Для меня стало привычным делом сидеть на подоконнике ее спальни и наблюдать, как она спит, просто смотреть на это чудо. Мы с Нетти произвели ее на свет, хотя все тяготы достались только Нетти. Однако иногда, глядя на девочку, я задаю себе вопрос: зачем?
Жизнь Керри не предполагает никаких особых радостей. Нет лесов, где можно побродить, нет настоящих друзей, ни среди людей, ни среди родных по крови. Не балуют ее своим вниманием и Лилиана с мужем. Они заботятся о ее образовании, учат, как себя вести, как ухаживать за собой. Но при этом не дают ей ни капли любви, а это трудно перенести любому ребенку. Даже растение, высаженное в этой калифорнийской пустыне, требует не только воды, ему нужна ваша забота и ласка. С детьми то же самое. Нельзя оставить дитя в пустыне и надеяться, что оно вырастет и без родительской любви.
Но ведь Лилиана всего лишь сводная сестра Керри, а не мать, а Стивен и вовсе ей не родственник. Однако Керри этого не знает, как не знает и того, что ее мать умерла, а отец – никчемная галка, которая перелетает вслед за ней с ветки на ветку по дороге в школу и просиживает ночи напролет на подоконнике ее комнаты, страстно желая, чтобы все сложилось иначе.
Но ничто не меняется. А я не могу помочь Керри – вряд ли ее жизнь станет намного лучше, если она будет скитаться вместе со мной. И в Калифорнии у меня не больше шансов разыскать ее исчезнувшую сестру‑близнеца, чем среди холмов Хазарда. Ненадолго меня увлекает идея принять облик молодого юноши и найти естественный путь познакомиться с Керри, чтобы у нее появился хоть один настоящий друг, но тут же вспоминаю, как такой трюк отразился на жизни ее матери, и тьма смертельного холода снова стискивает мне сердце, каменная глыба горя вновь поднимается из груди. Тогда я срываюсь со своего места и улетаю далеко‑далеко, преодолеваю много миль подряд, пока усталость не сжигает все желания, пока относительный мир не восстанавливается в моей душе.

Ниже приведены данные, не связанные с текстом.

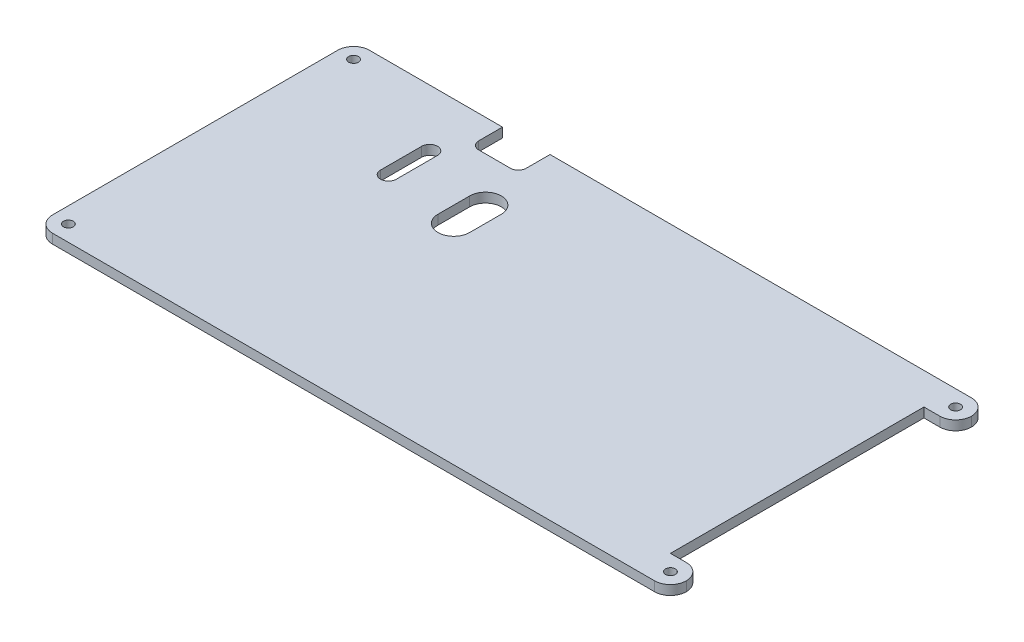
from build123d import *

# Parameters (mm, degrees)
SKETCH1_W           = 200
SKETCH1_H           = 100
BOSS_EXTRUDE1_DEPTH = 3
SKETCH2_R           = 1.55
CUT_EXTRUDE1_DEPTH  = 112.843640856
FILLET1_R           = 5
SKETCH3_W           = 10
SKETCH3_H           = 80
SKETCH3_W_2         = 15
SKETCH3_H_2         = 10
CUT_EXTRUDE2_DEPTH  = 112.843640856
FILLET2_R           = 5
FILLET4_R           = 2.5


with BuildPart() as part:
    # Sketch1 → Boss-Extrude1 (new body)
    with BuildSketch(Plane(origin=(0, 0, 0), x_dir=(1, 0, 0), z_dir=(0, 1, 0))):
        Rectangle(SKETCH1_W, SKETCH1_H)
    extrude(amount=BOSS_EXTRUDE1_DEPTH)

    # Sketch2 → Cut-Extrude1 (cut, through all)
    with BuildSketch(Plane(origin=(0, 3, 0), x_dir=(1, 0, 0), z_dir=(0, 1, 0))):
        with Locations(Location((-95, 45, 0), (0, 0, 270))):
            Circle(SKETCH2_R)
        with Locations(Location((-95, -45, 0), (0, 0, 270))):
            Circle(SKETCH2_R)
        with Locations(Location((95, 45, 0), (0, 0, 270))):
            Circle(SKETCH2_R)
        with Locations(Location((95, -45, 0), (0, 0, 270))):
            Circle(SKETCH2_R)
    extrude(amount=-CUT_EXTRUDE1_DEPTH, mode=Mode.SUBTRACT)

    # Fillet1
    fillet1_edges = [part.edges().sort_by_distance(p)[0] for p in [
        (-100, 1.5, -50),
        (100, 1.5, -50),
        (100, 1.5, 50),
        (-100, 1.5, 50),
    ]]
    fillet(fillet1_edges, radius=FILLET1_R)

    # Sketch3 → Cut-Extrude2 (cut, through all)
    with BuildSketch(Plane(origin=(0, 3, 0), x_dir=(1, 0, 0), z_dir=(0, 1, 0))):
        with Locations((95, 0)):
            Rectangle(SKETCH3_W, SKETCH3_H)
        with BuildLine():
            Line((-55.5, 32), (-55.5, 19))
            ThreePointArc((-55.5, 19), (-58, 16.5), (-60.5, 19))
            Line((-60.5, 19), (-60.5, 32))
            ThreePointArc((-60.5, 32), (-58, 34.5), (-55.5, 32))
        make_face()
        with BuildLine():
            Line((-29.365, 26), (-29.365, 16))
            ThreePointArc((-29.365, 16), (-34.365, 11), (-39.365, 16))
            Line((-39.365, 16), (-39.365, 26))
            ThreePointArc((-39.365, 26), (-34.365, 31), (-29.365, 26))
        make_face()
        with Locations((-45.5, 45)):
            Rectangle(SKETCH3_W_2, SKETCH3_H_2)
    extrude(amount=-CUT_EXTRUDE2_DEPTH, mode=Mode.SUBTRACT)

    # Fillet2
    fillet2_edges = [part.edges().sort_by_distance(p)[0] for p in [
        (100, 1.5, 40),
        (100, 1.5, -40),
    ]]
    fillet(fillet2_edges, radius=FILLET2_R - 0.0001)  # a hair under: the kernel refuses the full size

    # Fillet4
    fillet4_edges = [part.edges().sort_by_distance(p)[0] for p in [
        (-38, 1.5, -40),
        (-53, 1.5, -40),
    ]]
    fillet(fillet4_edges, radius=FILLET4_R)


solid = part.part
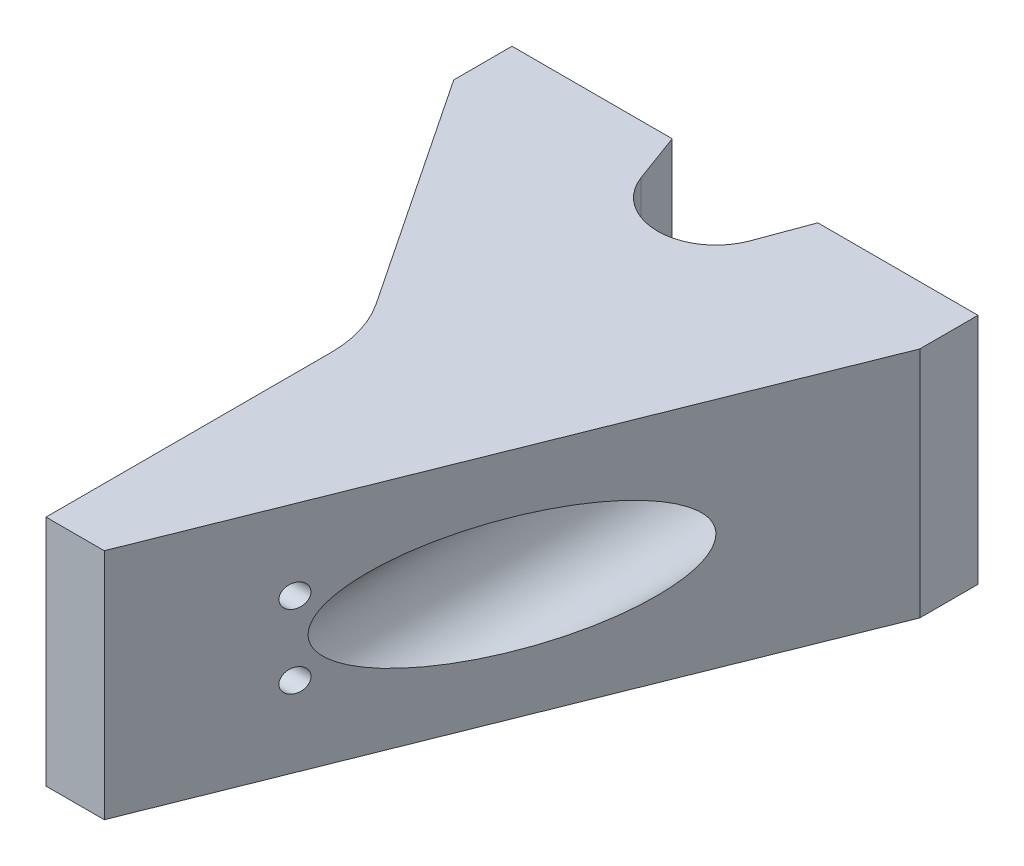
from build123d import *

# Parameters (mm, degrees)
BOSS_EXTRUDE1_DEPTH   = 12.7
LPATTERN1_COUNT       = 2
LPATTERN1_PITCH       = 25.4
M3X0_5_TAPPED_HOLE1_D = 2.5


with BuildPart() as part:
    # Sketch1 → Boss-Extrude1 (new, symmetric)
    with BuildSketch(Plane(origin=(0, 0, 0), x_dir=(1, 0, 0), z_dir=(0, 1, 0))):
        with BuildLine():
            Line((0, 0), (17.4625, 0))
            Line((17.4625, 0), (19.441706855, -5.370732862))
            ThreePointArc((19.441706855, -5.370732862), (25.4, -9.525), (31.358293145, -5.370732862))
            Line((31.358293145, -5.370732862), (33.3375, 0))
            Line((33.3375, 0), (50.8, 0))
            Line((50.8, 0), (50.8, -6.35))
            Line((50.8, -6.35), (25.4, -69.85))
            Line((25.4, -69.85), (19.05, -69.85))
            Line((19.05, -69.85), (19.05, -38.770250599))
            ThreePointArc((19.05, -38.770250599), (18.505068736, -35.089991911), (16.917038738, -31.725558107))
            Line((16.917038738, -31.725558107), (0, -6.35))
            Line((0, -6.35), (0, 0))
        make_face()
    extrude(amount=BOSS_EXTRUDE1_DEPTH, both=True)

    # Sketch2 → Cut-Revolve1 (revolve, cut)
    with BuildSketch(Plane(origin=(0, 0, 0), x_dir=(1, 0, 0), z_dir=(0, 1, 0))):
        Polygon((12.7, 0), (12.7, -117.475), (6.35, -117.475), (6.35, -9.525), (10.1473, -9.525), (10.1473, 0), align=None)
    cut_revolve1 = revolve(axis=Axis((12.7, 0, 0), (0, 0, -1)), mode=Mode.SUBTRACT)

    # LPattern1: Cut-Revolve1 ×2
    with Locations(*[(i * LPATTERN1_PITCH, 0, 0) for i in range(1, LPATTERN1_COUNT)]):
        add(cut_revolve1, mode=Mode.SUBTRACT)

    # M3x0.5 Tapped Hole1 (through all)
    with Locations(Plane.ZY.offset(-19.05)):
        with Locations((55, 4), (55, -4)):
            Hole(M3X0_5_TAPPED_HOLE1_D / 2)


solid = part.part
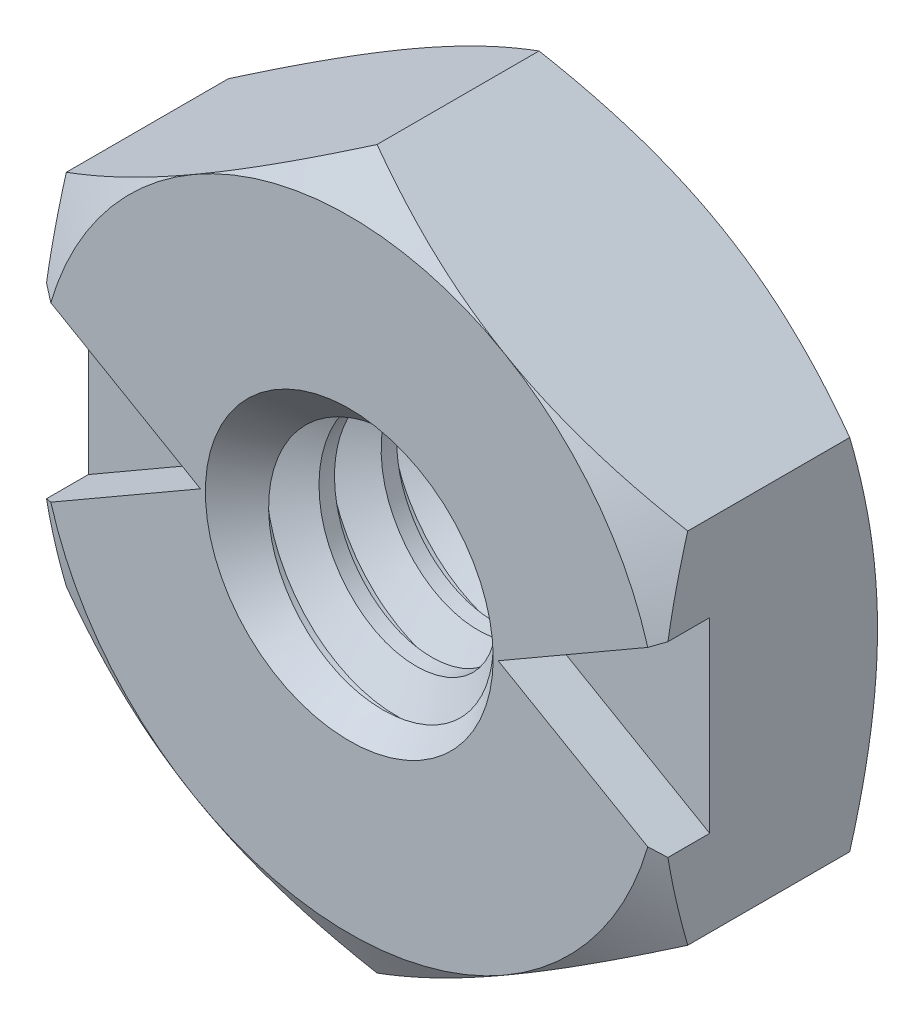
from build123d import *

# Parameters (mm, degrees)
EXTRUDE1_DEPTH               = 2.778125
SKETCH2_OUTSIDE_W            = 38.99
SKETCH2_OUTSIDE_H            = 40.218
SKETCH2_OUTSIDE_R            = 3.96875
CUT_EXTRUDE1_DEPTH           = 7.668602339
CUT_EXTRUDE1_DRAFT           = 60
SKETCH3_OUTSIDE_W            = 38.99
SKETCH3_OUTSIDE_H            = 40.218
SKETCH3_OUTSIDE_R            = 3.96875
CUT_EXTRUDE2_DEPTH           = 7.668602339
CUT_EXTRUDE2_DRAFT           = 60
SKETCH4_R                    = 1.7526
CUT_EXTRUDE3_DEPTH           = 7.668602339
SWEEP1_PITCH                 = 0.79375
SKETCH7_R                    = 1.838525958
CUT_EXTRUDE4_OTHER_WAY_DEPTH = 7.998893709
SKETCH8_R                    = 1.838525958
CUT_EXTRUDE5_OTHER_WAY_DEPTH = 7.668602441
CUT_EXTRUDE6_DEPTH           = 0.635


with BuildPart() as part:
    # Sketch1 → Extrude1 (new body)
    with BuildSketch(Plane.XY):
        Polygon((0, 4.582717762), (-3.96875, 2.291358881), (-3.96875, -2.291358881), (0, -4.582717762), (3.96875, -2.291358881), (3.96875, 2.291358881), align=None)
    extrude(amount=EXTRUDE1_DEPTH)


with BuildPart() as cut_extrude1_tool:
    # Sketch2 outside → Cut-Extrude1 (with draft: the straight prism first)
    with BuildSketch(Plane(origin=(0, 0, 2.778125), x_dir=(-1, 0, 0), z_dir=(0, 0, -1))):
        Rectangle(SKETCH2_OUTSIDE_W, SKETCH2_OUTSIDE_H)
        Circle(SKETCH2_OUTSIDE_R, mode=Mode.SUBTRACT)
    extrude(amount=CUT_EXTRUDE1_DEPTH)
    # Cut-Extrude1: the draft: its side faces are tilted about the plane it starts from
    cut_extrude1_sides = [cut_extrude1_tool.faces().sort_by_distance(p)[0] for p in [
        (0, -20.109, -1.05617617),
        (-19.495, 0, -1.05617617),
        (0, 20.109, -1.05617617),
        (19.495, 0, -1.05617617),
        (3.96875, 0, -1.05617617),
    ]]
    draft(cut_extrude1_sides, Plane(origin=(0, 0, 2.778125), x_dir=(-1, 0, 0), z_dir=(0, 0, -1)), CUT_EXTRUDE1_DRAFT)


with BuildPart() as part_1:
    add(part.part)

    # Cut-Extrude1: cut by cut_extrude1_tool
    add(cut_extrude1_tool.part, mode=Mode.SUBTRACT)


with BuildPart() as cut_extrude2_tool:
    # Sketch3 outside → Cut-Extrude2 (with draft: the straight prism first)
    with BuildSketch(Plane.XY):
        Rectangle(SKETCH3_OUTSIDE_W, SKETCH3_OUTSIDE_H)
        Circle(SKETCH3_OUTSIDE_R, mode=Mode.SUBTRACT)
    extrude(amount=CUT_EXTRUDE2_DEPTH)
    # Cut-Extrude2: the draft: its side faces are tilted about the plane it starts from
    cut_extrude2_sides = [cut_extrude2_tool.faces().sort_by_distance(p)[0] for p in [
        (0, -20.109, 3.83430117),
        (19.495, 0, 3.83430117),
        (0, 20.109, 3.83430117),
        (-19.495, 0, 3.83430117),
        (-3.96875, 0, 3.83430117),
    ]]
    draft(cut_extrude2_sides, Plane.XY, CUT_EXTRUDE2_DRAFT)


with BuildPart() as part_2:
    add(part_1.part)

    # Cut-Extrude2: cut by cut_extrude2_tool
    add(cut_extrude2_tool.part, mode=Mode.SUBTRACT)

    # Sketch4 → Cut-Extrude3 (cut, through all)
    with BuildSketch(Plane(origin=(0, 0, 0), x_dir=(-1, 0, 0), z_dir=(0, 0, -1))):
        Circle(SKETCH4_R)
    extrude(amount=-CUT_EXTRUDE3_DEPTH, mode=Mode.SUBTRACT)

    # Sweep1: the profile of Sketch6 screwed along a right-hand helix of 4.5 turns, 6 arcs to a turn; built about Z, then put on its axis
    sweep1_z = Axis((0, 0, 0), (0, 0, 1))
    sweep1_corners = [(1.795562979, 0, -0.719335938), (1.32297021, 0, -0.446484375), (1.32297021, 0, -0.248046875), (1.795562979, 0, 0.024804688)]
    with BuildLine(mode=Mode.PRIVATE) as sweep1_profile:
        Line(sweep1_corners[0], sweep1_corners[1])
        Line(sweep1_corners[1], sweep1_corners[2])
        Line(sweep1_corners[2], sweep1_corners[3])
        Line(sweep1_corners[3], sweep1_corners[0])
    sweep1_cap = Face(sweep1_profile.wire())
    sweep1_turn_angles = [0, 30, 60, 90, 120, 150, 180, 210, 240, 270, 300, 330, 360]
    sweep1_turn_weights = [1, 0.8660254037844387, 1, 0.8660254037844387, 1, 0.8660254037844387, 1, 0.8660254037844387, 1, 0.8660254037844387, 1, 0.8660254037844387, 1]
    sweep1_turn_rails = [Edge.make_bspline([Vector(p[0], p[1], 0).rotate(sweep1_z, sweep1_turn_angles[k]) / sweep1_turn_weights[k] + Vector(0, 0, p[2] + SWEEP1_PITCH * sweep1_turn_angles[k] / 360) for k in range(13)], [0, 0, 0, 1, 1, 2, 2, 3, 3, 4, 4, 5, 5, 6, 6, 6], 2, sweep1_turn_weights) for p in sweep1_corners]
    sweep1_turn_sides = [Face.make_surface_from_curves(sweep1_turn_rails[p[0]], sweep1_turn_rails[p[1]]) for p in [(0, 1), (1, 2), (2, 3), (3, 0)]]
    sweep1_last_angles = [1440, 1470, 1500, 1530, 1560, 1590, 1620]
    sweep1_last_weights = [1, 0.8660254037844387, 1, 0.8660254037844387, 1, 0.8660254037844297, 1]
    sweep1_last_rails = [Edge.make_bspline([Vector(p[0], p[1], 0).rotate(sweep1_z, sweep1_last_angles[k]) / sweep1_last_weights[k] + Vector(0, 0, p[2] + SWEEP1_PITCH * sweep1_last_angles[k] / 360) for k in range(7)], [0, 0, 0, 1, 1, 2, 2, 3, 3, 3], 2, sweep1_last_weights) for p in sweep1_corners]
    sweep1_last_sides = [Face.make_surface_from_curves(sweep1_last_rails[p[0]], sweep1_last_rails[p[1]]) for p in [(0, 1), (1, 2), (2, 3), (3, 0)]]
    sweep1 = Plane(origin=(0, 0, 2.778125), x_dir=(0, 1, 0), z_dir=(0, 0, -1)) * Solid(Shell([*[p.moved(Location((0, 0, SWEEP1_PITCH * i))) for i in range(4) for p in sweep1_turn_sides], *sweep1_last_sides, sweep1_cap, sweep1_cap.rotate(sweep1_z, 1620).moved(Location((0, 0, SWEEP1_PITCH * 1620 / 360)))]))
    add(sweep1)

    # Cut-Extrude4 cone 1 section (through the dimple's axis) → Cut-Extrude4 (revolve, cut)
    with BuildSketch(Plane.YZ):
        Polygon((0, 0), (1.838525958, 0), (0, 1.838525958), align=None)
    revolve(axis=Axis((0, 0, 0), (0, 0, 1)), mode=Mode.SUBTRACT)

    # Sketch7 → Cut-Extrude4 other way (cut)
    with BuildSketch(Plane(origin=(0, 0, 0), x_dir=(-1, 0, 0), z_dir=(0, 0, -1))):
        Circle(SKETCH7_R)
    extrude(amount=CUT_EXTRUDE4_OTHER_WAY_DEPTH, mode=Mode.SUBTRACT)

    # Cut-Extrude5 cone 1 section (through the dimple's axis) → Cut-Extrude5 (revolve, cut)
    with BuildSketch(Plane(origin=(0, 0, 2.778125), x_dir=(0, -1, 0), z_dir=(1, 0, 0))):
        Polygon((0, 0), (1.838525958, 0), (0, 1.838525958), align=None)
    revolve(axis=Axis((0, 0, 2.778125), (0, 0, -1)), mode=Mode.SUBTRACT)

    # Sketch8 → Cut-Extrude5 other way (cut)
    with BuildSketch(Plane.XY.offset(2.778125)):
        Circle(SKETCH8_R)
    extrude(amount=CUT_EXTRUDE5_OTHER_WAY_DEPTH, mode=Mode.SUBTRACT)

    # Sketch9 → Cut-Extrude6 (cut)
    with BuildSketch(Plane.XY.offset(2.778125)):
        Polygon((-1.902025958, 0), (-3.96875, 1.193223682), (-3.96875, -1.193223682), align=None)
        Polygon((3.96875, -1.193223682), (1.902025958, 0), (3.96875, 1.193223682), align=None)
    extrude(amount=-CUT_EXTRUDE6_DEPTH, mode=Mode.SUBTRACT)


solid = part_2.part
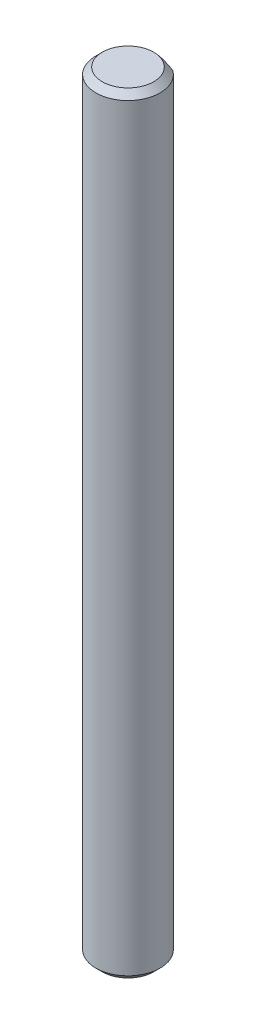
from build123d import *

# Parameters (mm, degrees)
SKETCH_1_R          = 2.5
EXTRUDE_1_DEPTH     = 60
CUT_EXTRUDE_START   = -15
CUT_EXTRUDE_1_DEPTH = 15
CHAMFER_1_SIZE      = 0.5


with BuildPart() as part:
    # Эскиз1 → Бобышка-Вытянуть1 (new body)
    with BuildSketch(Plane(origin=(0, 0, 0), x_dir=(1, 0, 0), z_dir=(0, 1, 0))):
        with Locations(Location((0, 0, 0), (0, 0, 270))):
            Circle(SKETCH_1_R)
    extrude(amount=EXTRUDE_1_DEPTH)

    # Эскиз2 → Вырез-Вытянуть1 (cut)
    with BuildSketch(Plane(origin=(0, 60, 0), x_dir=(1, 0, 0), z_dir=(0, 1, 0)).offset(CUT_EXTRUDE_START)):
        with BuildLine():
            Line((-1.5, 2), (1.5, 2))
            ThreePointArc((1.5, 2), (0, 2.5), (-1.5, 2))
        make_face()
    extrude(amount=CUT_EXTRUDE_1_DEPTH, mode=Mode.SUBTRACT)

    # Фаска1
    chamfer_1_edges = [part.edges().sort_by_distance(p)[0] for p in [
        (-2.371708245, 60, 0.790569415),
        (0, 0, -2.5),
    ]]
    chamfer(chamfer_1_edges, length=CHAMFER_1_SIZE - 0.0001)  # a hair under: the kernel refuses the full size


solid = part.part
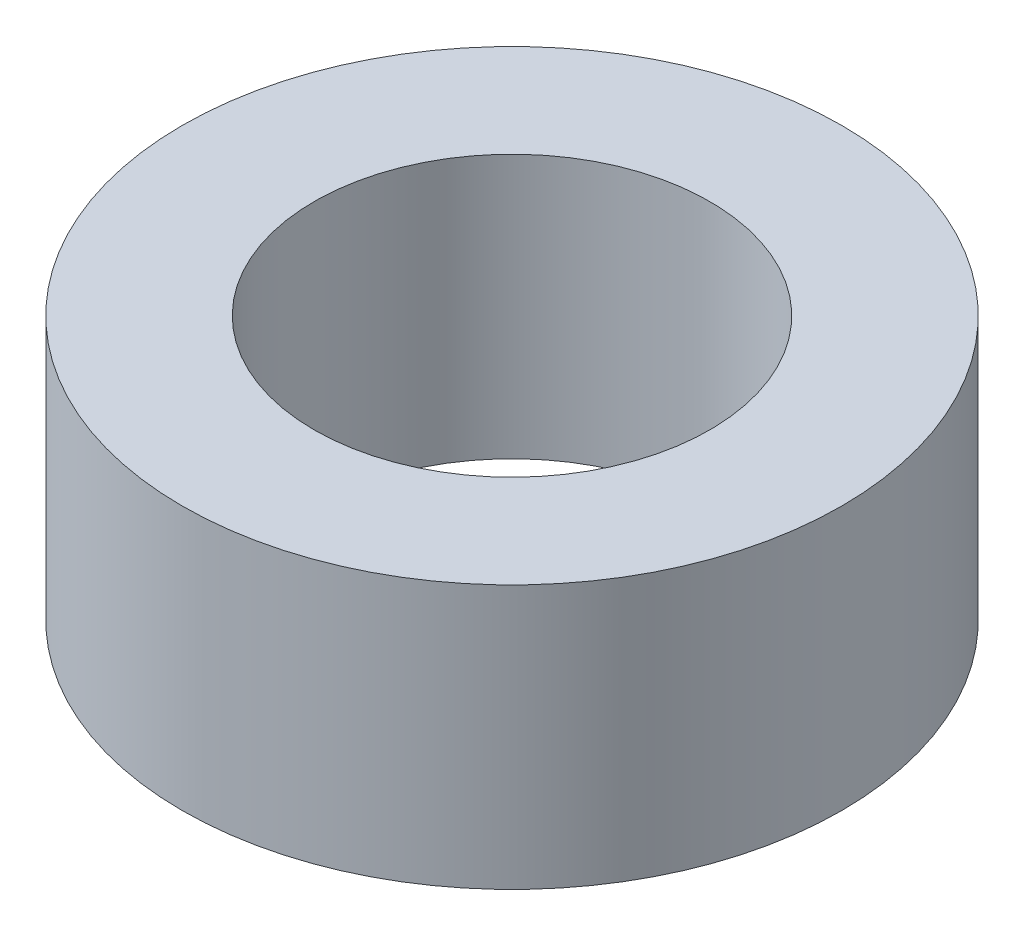
from build123d import *

# Parameters (mm, degrees)
SKETCH1_R           = 5
SKETCH1_R_2         = 3
BOSS_EXTRUDE1_DEPTH = 4


with BuildPart() as part:
    # Sketch1 → Boss-Extrude1 (new body)
    with BuildSketch(Plane(origin=(0, 0, 0), x_dir=(1, 0, 0), z_dir=(0, 1, 0))):
        Circle(SKETCH1_R)
        Circle(SKETCH1_R_2, mode=Mode.SUBTRACT)
    extrude(amount=BOSS_EXTRUDE1_DEPTH)


solid = part.part

В конце концов я смиряюсь с мыслью, что мое присутствие в Лонг‑Бич напрасно. Я не в силах помочь Керри, не могу отыскать ее сестру, и мне остается только вернуться в Хазард ни с чем. В последний раз я усаживаюсь на подоконнике и не могу насмотреться на спящую девочку, и вдруг я вижу, вижу ее исчезнувшую сестру. Она находится в теле Керри, маленький комочек плоти спит под защитой сестры.
Я даже знаю, как ее имя.
Кэти.
Я осознаю все это так ясно, словно кто‑то прошептал мне это известие на ухо. Имя пропавшей девочки – Кэти, и она никуда не исчезала. Она просто попала в ловушку, а теперь спит слишком крепко, чтобы самостоятельно выбраться в этот мир.
Долгое время я наблюдаю за ними обеими, а потом обдумываю способ, как освободить Кэти, чтобы при этом не навредить Керри. Самому мне это не под силу, но есть специалисты, способные провести операцию. Нужно только сделать так, чтобы врачи посмотрели в нужное место.